The following M lines contain three integers a (0 ≤ a < N), b(0 ≤ b < N), c and an operator op each, describing the edges.
Output
Output a line containing "YES" or "NO".
Sample Input
4 4 0 1 1 AND 1 2 1 OR 3 2 0 AND 3 0 0 XOR
Sample Output
YES
Hint
题意:
给出 N (1 ~ 1000)和 M (0 ~ 1000000),代表有 N 个命题,M 条关系式。后给出 M 条关系式是什么。问能否找到一组命题的解,满足所有的关系式。
思路:
2 - sat。根据给出的关系式,将可以确定的关系进行建图。比如 a & b = 1,则 a == 1 -> b == 1,b == 1 -> a == 1,若 a == 0 或者 b == 0,则无论如何都不可能满足条件式,所以要把矛盾的条件也要进行建图,建图方法为 a == 0 -> a== 1,b == 0 -> b == 1。对 | 的情况也是如此,对于 ^ 则没有矛盾的情况。建图后判断一个命题的真和假有没有在同一个强连通分量即可。

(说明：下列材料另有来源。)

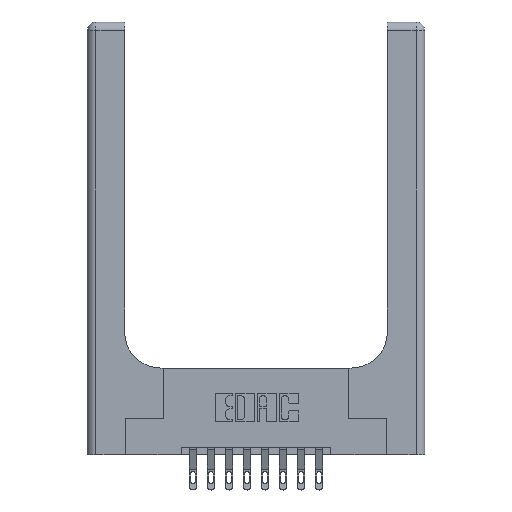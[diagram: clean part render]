
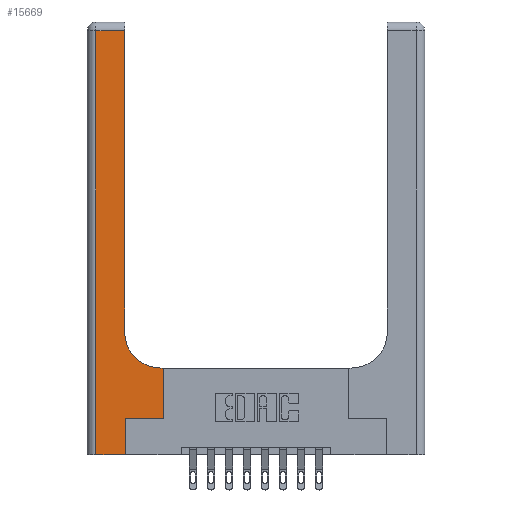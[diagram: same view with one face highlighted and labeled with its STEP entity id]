
A CAD part, top view. The second image highlights one B-rep face of the part: STEP entity #15669.
In plain terms, the highlighted planar face has unit normal (0, 0, 1).
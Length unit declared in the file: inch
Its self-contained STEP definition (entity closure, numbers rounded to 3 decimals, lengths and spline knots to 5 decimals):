
#24 = CARTESIAN_POINT ( 'NONE',  ( 0.26, 0.85, 0.37 ) ) ;
#325 = CARTESIAN_POINT ( 'NONE',  ( 0.06, 0., 0.37 ) ) ;
#498 = ORIENTED_EDGE ( 'NONE', *, *, #8344, .T. ) ;
#526 = CARTESIAN_POINT ( 'NONE',  ( 0., 2.94, 0.37 ) ) ;
#684 = LINE ( 'NONE', #526, #3656 ) ;
#928 = EDGE_CURVE ( 'NONE', #14674, #8338, #8409, .T. ) ;
#1066 = CARTESIAN_POINT ( 'NONE',  ( 0.06, 2.94, 0.37 ) ) ;
#1264 = CARTESIAN_POINT ( 'NONE',  ( 0.528, 0.25, 0.37 ) ) ;
#1596 = CARTESIAN_POINT ( 'NONE',  ( 0.26, 3., 0.37 ) ) ;
#1705 = DIRECTION ( 'NONE',  ( 0., 1., 0. ) ) ;
#1785 = PLANE ( 'NONE',  #9505 ) ;
#1832 = EDGE_LOOP ( 'NONE', ( #3995, #10414, #15416, #2740, #11796, #7956, #498, #14675, #15133 ) ) ;
#1920 = EDGE_CURVE ( 'NONE', #8338, #8336, #12487, .T. ) ;
#2740 = ORIENTED_EDGE ( 'NONE', *, *, #928, .T. ) ;
#2749 = LINE ( 'NONE', #1596, #14906 ) ;
#2857 = DIRECTION ( 'NONE',  ( 0., 0., -1. ) ) ;
#2919 = VECTOR ( 'NONE', #6410, 39.37008 ) ;
#3006 = VECTOR ( 'NONE', #15565, 39.37008 ) ;
#3097 = DIRECTION ( 'NONE',  ( 0., 0., -1. ) ) ;
#3474 = CIRCLE ( 'NONE', #7495, 0.25 ) ;
#3656 = VECTOR ( 'NONE', #12978, 39.37008 ) ;
#3995 = ORIENTED_EDGE ( 'NONE', *, *, #6858, .T. ) ;
#4062 = CARTESIAN_POINT ( 'NONE',  ( 0.51, 0.85, 0.37 ) ) ;
#4280 = VERTEX_POINT ( 'NONE', #14835 ) ;
#4565 = VECTOR ( 'NONE', #14213, 39.37008 ) ;
#4668 = CARTESIAN_POINT ( 'NONE',  ( 0.528, 0.6, 0.37 ) ) ;
#5100 = CARTESIAN_POINT ( 'NONE',  ( 0., 0., 0.37 ) ) ;
#5166 = VERTEX_POINT ( 'NONE', #4668 ) ;
#5199 = EDGE_CURVE ( 'NONE', #5166, #11447, #9598, .T. ) ;
#5258 = CARTESIAN_POINT ( 'NONE',  ( 0.06, 3., 0.37 ) ) ;
#6090 = EDGE_CURVE ( 'NONE', #11447, #13476, #3474, .T. ) ;
#6220 = VERTEX_POINT ( 'NONE', #1066 ) ;
#6317 = CARTESIAN_POINT ( 'NONE',  ( 0.51, 0.6, 0.37 ) ) ;
#6410 = DIRECTION ( 'NONE',  ( 1., 0., 0. ) ) ;
#6597 = VECTOR ( 'NONE', #7123, 39.37008 ) ;
#6656 = CARTESIAN_POINT ( 'NONE',  ( 0., 3., 0.37 ) ) ;
#6858 = EDGE_CURVE ( 'NONE', #13476, #4280, #2749, .T. ) ;
#7123 = DIRECTION ( 'NONE',  ( -1., 0., 0. ) ) ;
#7260 = VERTEX_POINT ( 'NONE', #1264 ) ;
#7495 = AXIS2_PLACEMENT_3D ( 'NONE', #4062, #3097, #11365 ) ;
#7702 = DIRECTION ( 'NONE',  ( -1., 0., 0. ) ) ;
#7956 = ORIENTED_EDGE ( 'NONE', *, *, #15594, .T. ) ;
#8336 = VERTEX_POINT ( 'NONE', #12071 ) ;
#8338 = VERTEX_POINT ( 'NONE', #10536 ) ;
#8344 = EDGE_CURVE ( 'NONE', #7260, #5166, #10776, .T. ) ;
#8409 = LINE ( 'NONE', #5100, #3006 ) ;
#8675 = EDGE_CURVE ( 'NONE', #6220, #14674, #12618, .T. ) ;
#9120 = CARTESIAN_POINT ( 'NONE',  ( 0.265, 0.25, 0.37 ) ) ;
#9505 = AXIS2_PLACEMENT_3D ( 'NONE', #6656, #2857, #7702 ) ;
#9598 = LINE ( 'NONE', #15733, #6597 ) ;
#10078 = CARTESIAN_POINT ( 'NONE',  ( 0.265, 0., 0.37 ) ) ;
#10414 = ORIENTED_EDGE ( 'NONE', *, *, #12458, .T. ) ;
#10536 = CARTESIAN_POINT ( 'NONE',  ( 0.265, 0., 0.37 ) ) ;
#10776 = LINE ( 'NONE', #15640, #4565 ) ;
#11174 = VECTOR ( 'NONE', #1705, 39.37008 ) ;
#11210 = VECTOR ( 'NONE', #15079, 39.37008 ) ;
#11365 = DIRECTION ( 'NONE',  ( 1., 0., 0. ) ) ;
#11447 = VERTEX_POINT ( 'NONE', #6317 ) ;
#11796 = ORIENTED_EDGE ( 'NONE', *, *, #1920, .T. ) ;
#12071 = CARTESIAN_POINT ( 'NONE',  ( 0.265, 0.25, 0.37 ) ) ;
#12458 = EDGE_CURVE ( 'NONE', #4280, #6220, #684, .T. ) ;
#12487 = LINE ( 'NONE', #10078, #11174 ) ;
#12618 = LINE ( 'NONE', #5258, #11210 ) ;
#12978 = DIRECTION ( 'NONE',  ( -1., 0., 0. ) ) ;
#13476 = VERTEX_POINT ( 'NONE', #24 ) ;
#13766 = FACE_OUTER_BOUND ( 'NONE', #1832, .T. ) ;
#13895 = DIRECTION ( 'NONE',  ( 0., 1., 0. ) ) ;
#13998 = LINE ( 'NONE', #9120, #2919 ) ;
#14213 = DIRECTION ( 'NONE',  ( 0., 1., 0. ) ) ;
#14674 = VERTEX_POINT ( 'NONE', #325 ) ;
#14675 = ORIENTED_EDGE ( 'NONE', *, *, #5199, .T. ) ;
#14835 = CARTESIAN_POINT ( 'NONE',  ( 0.26, 2.94, 0.37 ) ) ;
#14906 = VECTOR ( 'NONE', #13895, 39.37008 ) ;
#15079 = DIRECTION ( 'NONE',  ( 0., -1., 0. ) ) ;
#15133 = ORIENTED_EDGE ( 'NONE', *, *, #6090, .T. ) ;
#15416 = ORIENTED_EDGE ( 'NONE', *, *, #8675, .T. ) ;
#15565 = DIRECTION ( 'NONE',  ( 1., 0., 0. ) ) ;
#15594 = EDGE_CURVE ( 'NONE', #8336, #7260, #13998, .T. ) ;
#15640 = CARTESIAN_POINT ( 'NONE',  ( 0.528, 0.25, 0.37 ) ) ;
#15669 = ADVANCED_FACE ( 'NONE', ( #13766 ), #1785, .F. ) ;
#15733 = CARTESIAN_POINT ( 'NONE',  ( 0.26, 0.6, 0.37 ) ) ;

并且用 STL 的 vector 容器存邻接表。
AC:
#include <cstdio>
#include <algorithm>
#include <cstring>
#include <stack>
#include <vector>
using namespace std;
const int NMAX = 1005 * 2;
const int EMAX = 1000000 * 2;
int n, m;
vector<int> v[NMAX];
int dfs_clock, scc_cnt;
int pre[NMAX], low[NMAX], cmp[NMAX];
stack<int> s;
void dfs(int u) {
pre[u] = low[u] = ++dfs_clock;
s.push(u);
for (int i = 0; i < v[u].size(); ++i) {
if (!pre[ v[u][i] ]) {
dfs( v[u][i] );
low[u] = min(low[u], low[ v[u][i] ]);
} else if (!cmp[ v[u][i] ]) {
low[u] = min(low[u], pre[ v[u][i] ]);
}
}
if (low[u] == pre[u]) {
++scc_cnt;
for (;;) {
int x = s.top(); s.pop();
cmp[x] = scc_cnt;
if (x == u) break;
}
}
}
void scc() {
dfs_clock = scc_cnt = 0;
memset(pre, 0, sizeof(pre));
memset(cmp, 0, sizeof(cmp));
for (int u = 0; u < 2 * n; ++u) {
if (!pre[u]) dfs(u);
}
}
void add_edge (int a, int b, int ans, char *res) {
if (!strcmp(res, "AND")) {
if (!ans) {
v[a].push_back(n + b);
v[b].push_back(n + a);
} else {
v[a].push_back(b);
v[b].push_back(a);
v[n + a].push_back(a); //矛盾情况
v[n + b].push_back(b); //矛盾情况
}
} else if (!strcmp(res, "OR")) {
if (!ans) {
v[n + a].push_back(n + b);
v[n + b].push_back(n + a);
v[a].push_back(n + a); //矛盾情况
v[b].push_back(n + b); //矛盾情况
} else {
v[n + a].push_back(b);
v[n + b].push_back(a);
}
} else if (!strcmp(res, "XOR")) {
if (!ans) {
v[a].push_back(b);
v[b].push_back(a);
v[n + a].push_back(n + b);
v[n + b].push_back(n + a);
} else {
v[a].push_back(n + b);
v[b].push_back(n + a);
v[n + a].push_back(b);
v[n + b].push_back(a);
}
}
}
int main() {
scanf("%d%d", &n, &m);
while (m--) {
int a, b, ans;
char res[5];
scanf("%d%d%d%s", &a, &b, &ans, res);
add_edge(a, b, ans, res);
}
scc();
for (int i = 0; i < n; ++i) {
if (cmp[i] == cmp[n + i]) {
printf("NO\n");
return 0;
}
}
printf("YES\n");
return 0;
}